PROVIDED RECORDS -

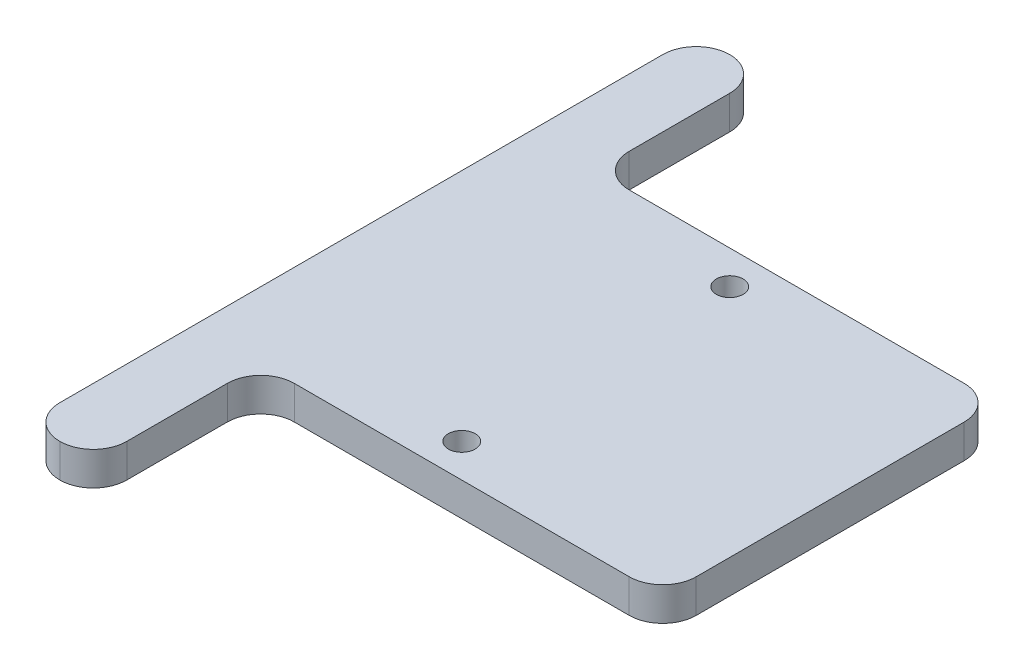
ISO-10303-21;
HEADER;
FILE_DESCRIPTION(('STEP AP214'),'2;1');
FILE_NAME('part.step','',(''),(''),'','','');
FILE_SCHEMA(('AUTOMOTIVE_DESIGN { 1 0 10303 214 1 1 1 1 }'));
ENDSEC;
DATA;
#1=APPLICATION_CONTEXT('core data for automotive mechanical design processes');
#2=APPLICATION_PROTOCOL_DEFINITION('international standard','automotive_design',2000,#1);
#3=PRODUCT_CONTEXT('',#1,'mechanical');
#4=PRODUCT('Part','Part','',(#3));
#5=PRODUCT_RELATED_PRODUCT_CATEGORY('part','',(#4));
#6=PRODUCT_DEFINITION_FORMATION('','',#4);
#7=PRODUCT_DEFINITION_CONTEXT('part definition',#1,'design');
#8=PRODUCT_DEFINITION('design','',#6,#7);
#9=PRODUCT_DEFINITION_SHAPE('','',#8);
#10=(LENGTH_UNIT() NAMED_UNIT(*) SI_UNIT(.MILLI.,.METRE.));
#11=(NAMED_UNIT(*) PLANE_ANGLE_UNIT() SI_UNIT($,.RADIAN.));
#12=(NAMED_UNIT(*) SI_UNIT($,.STERADIAN.) SOLID_ANGLE_UNIT());
#13=UNCERTAINTY_MEASURE_WITH_UNIT(LENGTH_MEASURE(1.E-05),#10,'distance_accuracy_value','');
#14=(GEOMETRIC_REPRESENTATION_CONTEXT(3) GLOBAL_UNCERTAINTY_ASSIGNED_CONTEXT((#13)) GLOBAL_UNIT_ASSIGNED_CONTEXT((#10,
#11,#12)) REPRESENTATION_CONTEXT('',''));
#15=CARTESIAN_POINT('',(0.,0.,0.));
#16=DIRECTION('',(0.,0.,1.));
#17=DIRECTION('',(1.,0.,0.));
#18=AXIS2_PLACEMENT_3D('',#15,#16,#17);
#19=CARTESIAN_POINT('',(0.,5.,0.));
#20=DIRECTION('',(0.,1.,0.));
#21=DIRECTION('',(0.,0.,1.));
#22=AXIS2_PLACEMENT_3D('',#19,#20,#21);
#23=PLANE('',#22);
#24=CARTESIAN_POINT('',(-35.,5.,-20.));
#25=DIRECTION('',(0.,1.,0.));
#26=DIRECTION('',(0.,0.,1.));
#27=AXIS2_PLACEMENT_3D('',#24,#25,#26);
#28=CIRCLE('',#27,2.);
#29=CARTESIAN_POINT('',(-35.,5.,-18.));
#30=VERTEX_POINT('',#29);
#31=EDGE_CURVE('E261',#30,#30,#28,.T.);
#32=ORIENTED_EDGE('',*,*,#31,.F.);
#33=EDGE_LOOP('',(#32));
#34=FACE_BOUND('',#33,.T.);
#35=DIRECTION('',(0.,0.,-1.));
#36=VECTOR('',#35,1.);
#37=CARTESIAN_POINT('',(0.,5.,-25.));
#38=LINE('',#37,#36);
#39=CARTESIAN_POINT('',(0.,5.,20.));
#40=VERTEX_POINT('',#39);
#41=CARTESIAN_POINT('',(0.,5.,-20.));
#42=VERTEX_POINT('',#41);
#43=EDGE_CURVE('E179',#40,#42,#38,.T.);
#44=ORIENTED_EDGE('',*,*,#43,.T.);
#45=CARTESIAN_POINT('',(-5.00000000000001,5.,-20.));
#46=DIRECTION('',(0.,1.,0.));
#47=DIRECTION('',(0.,0.,1.));
#48=AXIS2_PLACEMENT_3D('',#45,#46,#47);
#49=CIRCLE('',#48,5.);
#50=CARTESIAN_POINT('',(-5.00000000000001,5.,-25.));
#51=VERTEX_POINT('',#50);
#52=EDGE_CURVE('E211',#42,#51,#49,.T.);
#53=ORIENTED_EDGE('',*,*,#52,.T.);
#54=DIRECTION('',(-1.,0.,0.));
#55=VECTOR('',#54,1.);
#56=CARTESIAN_POINT('',(-60.,5.,-25.));
#57=LINE('',#56,#55);
#58=CARTESIAN_POINT('',(-55.,5.,-25.));
#59=VERTEX_POINT('',#58);
#60=EDGE_CURVE('E256',#51,#59,#57,.T.);
#61=ORIENTED_EDGE('',*,*,#60,.T.);
#62=CARTESIAN_POINT('',(-55.,5.,-30.));
#63=DIRECTION('',(0.,1.,0.));
#64=DIRECTION('',(0.,0.,1.));
#65=AXIS2_PLACEMENT_3D('',#62,#63,#64);
#66=CIRCLE('',#65,5.);
#67=CARTESIAN_POINT('',(-60.,5.,-30.));
#68=VERTEX_POINT('',#67);
#69=EDGE_CURVE('E146',#59,#68,#66,.F.);
#70=ORIENTED_EDGE('',*,*,#69,.T.);
#71=DIRECTION('',(0.,0.,-1.));
#72=VECTOR('',#71,1.);
#73=CARTESIAN_POINT('',(-60.,5.,-50.));
#74=LINE('',#73,#72);
#75=CARTESIAN_POINT('',(-60.,5.,-45.));
#76=VERTEX_POINT('',#75);
#77=EDGE_CURVE('E157',#68,#76,#74,.T.);
#78=ORIENTED_EDGE('',*,*,#77,.T.);
#79=CARTESIAN_POINT('',(-65.,5.,-45.));
#80=DIRECTION('',(0.,1.,0.));
#81=DIRECTION('',(0.,0.,1.));
#82=AXIS2_PLACEMENT_3D('',#79,#80,#81);
#83=CIRCLE('',#82,5.);
#84=CARTESIAN_POINT('',(-65.,5.,-50.));
#85=VERTEX_POINT('',#84);
#86=EDGE_CURVE('E203',#76,#85,#83,.T.);
#87=ORIENTED_EDGE('',*,*,#86,.T.);
#88=CARTESIAN_POINT('',(-65.,5.,-45.));
#89=DIRECTION('',(0.,1.,0.));
#90=DIRECTION('',(0.,0.,1.));
#91=AXIS2_PLACEMENT_3D('',#88,#89,#90);
#92=CIRCLE('',#91,5.);
#93=CARTESIAN_POINT('',(-70.,5.,-45.));
#94=VERTEX_POINT('',#93);
#95=EDGE_CURVE('E201',#85,#94,#92,.T.);
#96=ORIENTED_EDGE('',*,*,#95,.T.);
#97=DIRECTION('',(0.,0.,1.));
#98=VECTOR('',#97,1.);
#99=CARTESIAN_POINT('',(-70.,5.,-50.));
#100=LINE('',#99,#98);
#101=CARTESIAN_POINT('',(-70.,5.,45.));
#102=VERTEX_POINT('',#101);
#103=EDGE_CURVE('E247',#94,#102,#100,.T.);
#104=ORIENTED_EDGE('',*,*,#103,.T.);
#105=CARTESIAN_POINT('',(-65.,5.,45.));
#106=DIRECTION('',(0.,1.,0.));
#107=DIRECTION('',(0.,0.,1.));
#108=AXIS2_PLACEMENT_3D('',#105,#106,#107);
#109=CIRCLE('',#108,5.);
#110=CARTESIAN_POINT('',(-65.,5.,50.));
#111=VERTEX_POINT('',#110);
#112=EDGE_CURVE('E205',#102,#111,#109,.T.);
#113=ORIENTED_EDGE('',*,*,#112,.T.);
#114=CARTESIAN_POINT('',(-65.,5.,45.));
#115=DIRECTION('',(0.,1.,0.));
#116=DIRECTION('',(0.,0.,1.));
#117=AXIS2_PLACEMENT_3D('',#114,#115,#116);
#118=CIRCLE('',#117,5.);
#119=CARTESIAN_POINT('',(-60.,5.,45.));
#120=VERTEX_POINT('',#119);
#121=EDGE_CURVE('E207',#111,#120,#118,.T.);
#122=ORIENTED_EDGE('',*,*,#121,.T.);
#123=DIRECTION('',(0.,0.,-1.));
#124=VECTOR('',#123,1.);
#125=CARTESIAN_POINT('',(-60.,5.,25.));
#126=LINE('',#125,#124);
#127=CARTESIAN_POINT('',(-60.,5.,30.));
#128=VERTEX_POINT('',#127);
#129=EDGE_CURVE('E253',#120,#128,#126,.T.);
#130=ORIENTED_EDGE('',*,*,#129,.T.);
#131=CARTESIAN_POINT('',(-55.,5.,30.));
#132=DIRECTION('',(0.,1.,0.));
#133=DIRECTION('',(0.,0.,1.));
#134=AXIS2_PLACEMENT_3D('',#131,#132,#133);
#135=CIRCLE('',#134,5.);
#136=CARTESIAN_POINT('',(-55.,5.,25.));
#137=VERTEX_POINT('',#136);
#138=EDGE_CURVE('E11',#128,#137,#135,.F.);
#139=ORIENTED_EDGE('',*,*,#138,.T.);
#140=DIRECTION('',(1.,0.,0.));
#141=VECTOR('',#140,1.);
#142=CARTESIAN_POINT('',(-60.,5.,25.));
#143=LINE('',#142,#141);
#144=CARTESIAN_POINT('',(-5.,5.,25.));
#145=VERTEX_POINT('',#144);
#146=EDGE_CURVE('E180',#137,#145,#143,.T.);
#147=ORIENTED_EDGE('',*,*,#146,.T.);
#148=CARTESIAN_POINT('',(-5.,5.,20.));
#149=DIRECTION('',(0.,1.,0.));
#150=DIRECTION('',(0.,0.,1.));
#151=AXIS2_PLACEMENT_3D('',#148,#149,#150);
#152=CIRCLE('',#151,5.);
#153=EDGE_CURVE('E209',#145,#40,#152,.T.);
#154=ORIENTED_EDGE('',*,*,#153,.T.);
#155=EDGE_LOOP('',(#44,#53,#61,#70,#78,#87,#96,#104,#113,#122,#130,#139,#147,#154));
#156=FACE_BOUND('',#155,.T.);
#157=CARTESIAN_POINT('',(-35.,5.,20.));
#158=DIRECTION('',(0.,1.,0.));
#159=DIRECTION('',(0.,0.,-1.));
#160=AXIS2_PLACEMENT_3D('',#157,#158,#159);
#161=CIRCLE('',#160,2.);
#162=CARTESIAN_POINT('',(-35.,5.,18.));
#163=VERTEX_POINT('',#162);
#164=EDGE_CURVE('E233',#163,#163,#161,.T.);
#165=ORIENTED_EDGE('',*,*,#164,.F.);
#166=EDGE_LOOP('',(#165));
#167=FACE_BOUND('',#166,.T.);
#168=ADVANCED_FACE('F33',(#34,#156,#167),#23,.T.);
#169=CARTESIAN_POINT('',(0.,0.,0.));
#170=DIRECTION('',(0.,1.,0.));
#171=DIRECTION('',(0.,0.,1.));
#172=AXIS2_PLACEMENT_3D('',#169,#170,#171);
#173=PLANE('',#172);
#174=DIRECTION('',(-1.,0.,0.));
#175=VECTOR('',#174,1.);
#176=CARTESIAN_POINT('',(-60.,0.,-25.));
#177=LINE('',#176,#175);
#178=CARTESIAN_POINT('',(-5.00000000000001,0.,-25.));
#179=VERTEX_POINT('',#178);
#180=CARTESIAN_POINT('',(-55.,0.,-25.));
#181=VERTEX_POINT('',#180);
#182=EDGE_CURVE('E166',#179,#181,#177,.T.);
#183=ORIENTED_EDGE('',*,*,#182,.F.);
#184=CARTESIAN_POINT('',(-5.00000000000001,0.,-20.));
#185=DIRECTION('',(0.,1.,0.));
#186=DIRECTION('',(0.,0.,1.));
#187=AXIS2_PLACEMENT_3D('',#184,#185,#186);
#188=CIRCLE('',#187,5.);
#189=CARTESIAN_POINT('',(0.,0.,-20.));
#190=VERTEX_POINT('',#189);
#191=EDGE_CURVE('E194',#179,#190,#188,.F.);
#192=ORIENTED_EDGE('',*,*,#191,.T.);
#193=DIRECTION('',(0.,0.,-1.));
#194=VECTOR('',#193,1.);
#195=CARTESIAN_POINT('',(0.,0.,-25.));
#196=LINE('',#195,#194);
#197=CARTESIAN_POINT('',(0.,0.,20.));
#198=VERTEX_POINT('',#197);
#199=EDGE_CURVE('E171',#198,#190,#196,.T.);
#200=ORIENTED_EDGE('',*,*,#199,.F.);
#201=CARTESIAN_POINT('',(-5.,0.,20.));
#202=DIRECTION('',(0.,1.,0.));
#203=DIRECTION('',(0.,0.,1.));
#204=AXIS2_PLACEMENT_3D('',#201,#202,#203);
#205=CIRCLE('',#204,5.);
#206=CARTESIAN_POINT('',(-5.,0.,25.));
#207=VERTEX_POINT('',#206);
#208=EDGE_CURVE('E192',#198,#207,#205,.F.);
#209=ORIENTED_EDGE('',*,*,#208,.T.);
#210=DIRECTION('',(1.,0.,0.));
#211=VECTOR('',#210,1.);
#212=CARTESIAN_POINT('',(-60.,0.,25.));
#213=LINE('',#212,#211);
#214=CARTESIAN_POINT('',(-55.,0.,25.));
#215=VERTEX_POINT('',#214);
#216=EDGE_CURVE('E177',#215,#207,#213,.T.);
#217=ORIENTED_EDGE('',*,*,#216,.F.);
#218=CARTESIAN_POINT('',(-55.,0.,30.));
#219=DIRECTION('',(0.,1.,0.));
#220=DIRECTION('',(0.,0.,1.));
#221=AXIS2_PLACEMENT_3D('',#218,#219,#220);
#222=CIRCLE('',#221,5.);
#223=CARTESIAN_POINT('',(-60.,0.,30.));
#224=VERTEX_POINT('',#223);
#225=EDGE_CURVE('E42',#215,#224,#222,.T.);
#226=ORIENTED_EDGE('',*,*,#225,.T.);
#227=DIRECTION('',(0.,0.,-1.));
#228=VECTOR('',#227,1.);
#229=CARTESIAN_POINT('',(-60.,0.,25.));
#230=LINE('',#229,#228);
#231=CARTESIAN_POINT('',(-60.,0.,45.));
#232=VERTEX_POINT('',#231);
#233=EDGE_CURVE('E169',#232,#224,#230,.T.);
#234=ORIENTED_EDGE('',*,*,#233,.F.);
#235=CARTESIAN_POINT('',(-65.,0.,45.));
#236=DIRECTION('',(0.,1.,0.));
#237=DIRECTION('',(0.,0.,1.));
#238=AXIS2_PLACEMENT_3D('',#235,#236,#237);
#239=CIRCLE('',#238,5.);
#240=CARTESIAN_POINT('',(-65.,0.,50.));
#241=VERTEX_POINT('',#240);
#242=EDGE_CURVE('E190',#232,#241,#239,.F.);
#243=ORIENTED_EDGE('',*,*,#242,.T.);
#244=CARTESIAN_POINT('',(-65.,0.,45.));
#245=DIRECTION('',(0.,1.,0.));
#246=DIRECTION('',(0.,0.,1.));
#247=AXIS2_PLACEMENT_3D('',#244,#245,#246);
#248=CIRCLE('',#247,5.);
#249=CARTESIAN_POINT('',(-70.,0.,45.));
#250=VERTEX_POINT('',#249);
#251=EDGE_CURVE('E188',#241,#250,#248,.F.);
#252=ORIENTED_EDGE('',*,*,#251,.T.);
#253=DIRECTION('',(0.,0.,1.));
#254=VECTOR('',#253,1.);
#255=CARTESIAN_POINT('',(-70.,0.,-50.));
#256=LINE('',#255,#254);
#257=CARTESIAN_POINT('',(-70.,0.,-45.));
#258=VERTEX_POINT('',#257);
#259=EDGE_CURVE('E165',#258,#250,#256,.T.);
#260=ORIENTED_EDGE('',*,*,#259,.F.);
#261=CARTESIAN_POINT('',(-65.,0.,-45.));
#262=DIRECTION('',(0.,1.,0.));
#263=DIRECTION('',(0.,0.,1.));
#264=AXIS2_PLACEMENT_3D('',#261,#262,#263);
#265=CIRCLE('',#264,5.);
#266=CARTESIAN_POINT('',(-65.,0.,-50.));
#267=VERTEX_POINT('',#266);
#268=EDGE_CURVE('E185',#258,#267,#265,.F.);
#269=ORIENTED_EDGE('',*,*,#268,.T.);
#270=CARTESIAN_POINT('',(-65.,0.,-45.));
#271=DIRECTION('',(0.,1.,0.));
#272=DIRECTION('',(0.,0.,1.));
#273=AXIS2_PLACEMENT_3D('',#270,#271,#272);
#274=CIRCLE('',#273,5.);
#275=CARTESIAN_POINT('',(-60.,0.,-45.));
#276=VERTEX_POINT('',#275);
#277=EDGE_CURVE('E164',#267,#276,#274,.F.);
#278=ORIENTED_EDGE('',*,*,#277,.T.);
#279=DIRECTION('',(0.,0.,-1.));
#280=VECTOR('',#279,1.);
#281=CARTESIAN_POINT('',(-60.,0.,-50.));
#282=LINE('',#281,#280);
#283=CARTESIAN_POINT('',(-60.,0.,-30.));
#284=VERTEX_POINT('',#283);
#285=EDGE_CURVE('E154',#284,#276,#282,.T.);
#286=ORIENTED_EDGE('',*,*,#285,.F.);
#287=CARTESIAN_POINT('',(-55.,0.,-30.));
#288=DIRECTION('',(0.,1.,0.));
#289=DIRECTION('',(0.,0.,1.));
#290=AXIS2_PLACEMENT_3D('',#287,#288,#289);
#291=CIRCLE('',#290,5.);
#292=EDGE_CURVE('E136',#284,#181,#291,.T.);
#293=ORIENTED_EDGE('',*,*,#292,.T.);
#294=EDGE_LOOP('',(#183,#192,#200,#209,#217,#226,#234,#243,#252,#260,#269,#278,#286,#293));
#295=FACE_BOUND('',#294,.T.);
#296=CARTESIAN_POINT('',(-35.,0.,-20.));
#297=DIRECTION('',(0.,1.,0.));
#298=DIRECTION('',(0.,0.,1.));
#299=AXIS2_PLACEMENT_3D('',#296,#297,#298);
#300=CIRCLE('',#299,2.);
#301=CARTESIAN_POINT('',(-35.,0.,-18.));
#302=VERTEX_POINT('',#301);
#303=EDGE_CURVE('E266',#302,#302,#300,.T.);
#304=ORIENTED_EDGE('',*,*,#303,.T.);
#305=EDGE_LOOP('',(#304));
#306=FACE_BOUND('',#305,.T.);
#307=CARTESIAN_POINT('',(-35.,0.,20.));
#308=DIRECTION('',(0.,1.,0.));
#309=DIRECTION('',(0.,0.,-1.));
#310=AXIS2_PLACEMENT_3D('',#307,#308,#309);
#311=CIRCLE('',#310,2.);
#312=CARTESIAN_POINT('',(-35.,0.,18.));
#313=VERTEX_POINT('',#312);
#314=EDGE_CURVE('E228',#313,#313,#311,.T.);
#315=ORIENTED_EDGE('',*,*,#314,.T.);
#316=EDGE_LOOP('',(#315));
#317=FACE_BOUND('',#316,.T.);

TASK TO COMPLETE -
When you reach the line in the material above that holds "#188=CIRCLE('',#187,5.);", begin reproducing lines exactly, and stop after the line that holds "#222=CIRCLE('',#221,5.);".

OUTPUT FOR THIS EXERCISE -
#188=CIRCLE('',#187,5.);
#189=CARTESIAN_POINT('',(0.,0.,-20.));
#190=VERTEX_POINT('',#189);
#191=EDGE_CURVE('E194',#179,#190,#188,.F.);
#192=ORIENTED_EDGE('',*,*,#191,.T.);
#193=DIRECTION('',(0.,0.,-1.));
#194=VECTOR('',#193,1.);
#195=CARTESIAN_POINT('',(0.,0.,-25.));
#196=LINE('',#195,#194);
#197=CARTESIAN_POINT('',(0.,0.,20.));
#198=VERTEX_POINT('',#197);
#199=EDGE_CURVE('E171',#198,#190,#196,.T.);
#200=ORIENTED_EDGE('',*,*,#199,.F.);
#201=CARTESIAN_POINT('',(-5.,0.,20.));
#202=DIRECTION('',(0.,1.,0.));
#203=DIRECTION('',(0.,0.,1.));
#204=AXIS2_PLACEMENT_3D('',#201,#202,#203);
#205=CIRCLE('',#204,5.);
#206=CARTESIAN_POINT('',(-5.,0.,25.));
#207=VERTEX_POINT('',#206);
#208=EDGE_CURVE('E192',#198,#207,#205,.F.);
#209=ORIENTED_EDGE('',*,*,#208,.T.);
#210=DIRECTION('',(1.,0.,0.));
#211=VECTOR('',#210,1.);
#212=CARTESIAN_POINT('',(-60.,0.,25.));
#213=LINE('',#212,#211);
#214=CARTESIAN_POINT('',(-55.,0.,25.));
#215=VERTEX_POINT('',#214);
#216=EDGE_CURVE('E177',#215,#207,#213,.T.);
#217=ORIENTED_EDGE('',*,*,#216,.F.);
#218=CARTESIAN_POINT('',(-55.,0.,30.));
#219=DIRECTION('',(0.,1.,0.));
#220=DIRECTION('',(0.,0.,1.));
#221=AXIS2_PLACEMENT_3D('',#218,#219,#220);
#222=CIRCLE('',#221,5.);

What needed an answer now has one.